“She Named Her Tumour ‘Frank’: Charmaine’s 4,000-Mile Fight for a New Life”
Charmaine Sahadeo, 42, from Chaguanas, Trinidad, is living with a tumour growing inside her mouth—one she even named “Frank”—and it has made everyday things like eating and speaking incredibly difficult for the mother of two.
Charmaine Sahadeo, 42, from Chaguanas, Trinidad, has an extremely rare disease (Image: TLC)
A woman who has struggled to breathe, eat, talk, and even walk because of a rare condition that causes thousands of dangerous tumours to form all over her body has traveled 4,000 miles in hopes of relief through surgery.
Charmaine Sahadeo, 42, from Chaguanas, Trinidad, is battling NF-1 neurofibromatosis, a rare disorder. Tumours have appeared on her scalp, inside her mouth, across her face, and on her arms, legs, buttocks, breasts, and genital region.
Many of the tumours have grown so large that they are nearly blocking her nose, leaving her barely able to breathe normally. A massive lump on her leg has also limited her mobility so severely that she can only take a few steps at a time, and she must physically adjust the lumps just to sit down and use the bathroom.

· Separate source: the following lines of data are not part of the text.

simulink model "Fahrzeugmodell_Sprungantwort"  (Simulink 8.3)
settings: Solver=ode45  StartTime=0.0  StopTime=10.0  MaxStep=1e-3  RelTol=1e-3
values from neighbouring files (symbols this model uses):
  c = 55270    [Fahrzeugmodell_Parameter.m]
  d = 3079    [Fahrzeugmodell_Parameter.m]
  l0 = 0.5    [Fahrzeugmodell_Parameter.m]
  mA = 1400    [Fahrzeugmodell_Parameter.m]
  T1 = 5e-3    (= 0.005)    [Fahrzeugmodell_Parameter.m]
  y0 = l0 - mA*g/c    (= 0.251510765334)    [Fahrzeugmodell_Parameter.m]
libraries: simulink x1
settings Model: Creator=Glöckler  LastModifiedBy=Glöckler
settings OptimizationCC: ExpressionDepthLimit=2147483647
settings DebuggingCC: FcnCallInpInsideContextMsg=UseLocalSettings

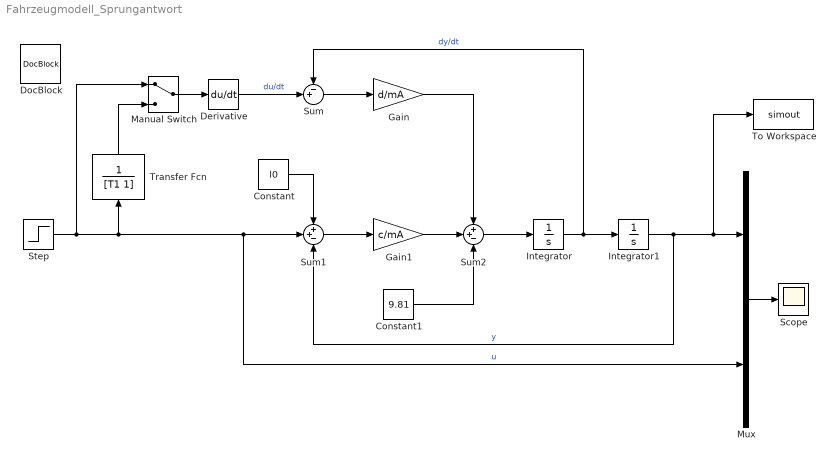
== system Fahrzeugmodell_Sprungantwort ==
  Constant : Constant  Value=l0
  Constant1 : Constant  Value=9.81
  Derivative : Derivative
  DocBlock : simulink/Model-Wide Utilities/DocBlock  DocumentType=Text
      content=|
      | Simulink-Modell des Fahrzeugmodells,
      |
      | Das Fahrzeug wird hier durch einen Sprung nach 4s angeregt;
      | Eingangsgröße x und Ausgangsgröße y werden im Scope angezeigt.
      |
      | Anfangswert y(0) = y0 steht im Block Integrator1
      |
      | Der Block Transfer Fcn beinhaltet ein PT1-Gleid als Tiefpassfilter.
      |
      | Der Block Manual Switch dient zum Ein/Ausschalten des Tiefpassfilters.
  Gain : Gain  Gain=d/mA
  Gain1 : Gain  Gain=c/mA
  Integrator : Integrator
  Integrator1 : Integrator  InitialCondition=y0
  Manual Switch : ManualSwitch
  Mux : Mux  Inputs=2
  Scope : Scope
      settings: TimeRange=10  YMin=0  YMax=0.35
  Step : Step  Time=4  After=0.05  SampleTime=0
  Sum : Sum  Inputs=-+|
  Sum1 : Sum  Inputs=++-
  Sum2 : Sum  Inputs=++-
  To Workspace : ToWorkspace  VariableName=simout  SaveFormat=Structure With Time  SampleTime=-1
  Transfer Fcn : TransferFcn  Denominator=[T1 1]
  wires:
  Derivative/1 -> Sum/2  "du/dt"
  Step/1 -> Manual Switch/1, Mux/2, Sum1/2, Transfer Fcn/1  "u"
  Constant/1 -> Sum1/1
  Sum/1 -> Gain/1
  Sum1/1 -> Gain1/1
  Gain1/1 -> Sum2/2
  Gain/1 -> Sum2/1
  Constant1/1 -> Sum2/3
  Sum2/1 -> Integrator/1
  Integrator/1 -> Integrator1/1, Sum/1  "dy/dt"
  Integrator1/1 -> Sum1/3, Mux/1, To Workspace/1  "y"
  Mux/1 -> Scope/1
  Manual Switch/1 -> Derivative/1
  Transfer Fcn/1 -> Manual Switch/2

The tumour inside her mouth—“Frank”—has made it hard for her to eat and talk. Because her condition is so debilitating, Ms Sahadeo’s greatest fear is that she will eventually be unable to breathe or call for help, and that she could end up dying alone.
Speaking in TLC’s newest episode of Take My Tumour, she shared: “All the bumps are getting so big. I am afraid that if I cannot breathe properly I will die. I might not even be able to reach out to someone in time to tell them.”
NF-1 neurofibromatosis—also called von Recklinghausen’s disease—affects about one in 3,000 people worldwide. Ms Sahadeo’s case is described as extremely severe, and there is currently no cure.
The condition occurs due to a change in the NF-1 gene, which controls a protein involved in regulating cell growth and is believed to help prevent tumours. The tumours that develop can be either cancerous or non-cancerous.
Although NF-1 can be inherited, around 30 to 50 percent of people with the disorder have no family history of it. Ms Sahadeo said her mother also has NF-1 neurofibromatosis, but her mother’s symptoms are nowhere near as severe.
The disease has shaped every part of her life. She never learned to drive, struggles to find clothing that fits properly, and avoids going out in public because of the teasing and judgment she faces. She explained: “This condition is very hard because people just like to stare and then have all kinds of negative things to say.”
As the tumours have moved closer to her eyes, they have caused double vision and blurred sight, and she has been unable to fully enjoy time with her granddaughter. Ms Sahadeo said: “It hurts a lot, not being able to be outside playing with her. I would like to be able to take her and just walk a couple houses up, [but] since she’s born I have not had that experience.”
Originally from Trinidad, Ms Sahadeo noticed lumps beginning when she was 13 years old. Back then, they were smaller and less noticeable—only “a couple on my face.” Now, she says she has “thousands” across her body.
Searching for help, Ms Sahadeo connected with Dr Ryan Osborne, a head and neck cancer surgeon in Los Angeles and the director of the Osborne Head and Neck Institute. Because her condition had progressed so severely, Dr Osborne warned she was “encroaching on some dangerous territory,” saying it was “urgent right now that we intervene.”
Removing thousands of tumours would be complex and would take time, requiring many procedures over more than two months. While preparing for surgery, her medical team faced a major obstacle: the tumours covered so much of her body that they could not find a vein to deliver anesthesia, meaning they couldn’t safely put her to sleep for surgery.
Instead, the team chose to use local anesthesia, numbing only the areas being treated rather than sedating her fully. Ms Sahadeo remained awake for a 13-hour operation. Dr Osborne was able to remove dozens of tumours, including several large growths on her face, “Frank” inside her mouth, and the extremely large tumour on her leg.
Over the following 10 weeks, Dr Osborne performed 24 surgeries on Ms Sahadeo, totaling 60 hours in the operating room. He removed more tumours than she expected, and she said: “Life is 100 percent better for me. I love the way that I look now.”
Ms Sahadeo shared that she feels 98 percent better than she did before the procedures and finds herself smiling more. With the tumour removed from her leg, she can walk again and is finally able to play with her granddaughter.
She said: “I feel beautiful. I really do feel beautiful now. I feel fantastic. I came back a different person. I cannot expect anything better.”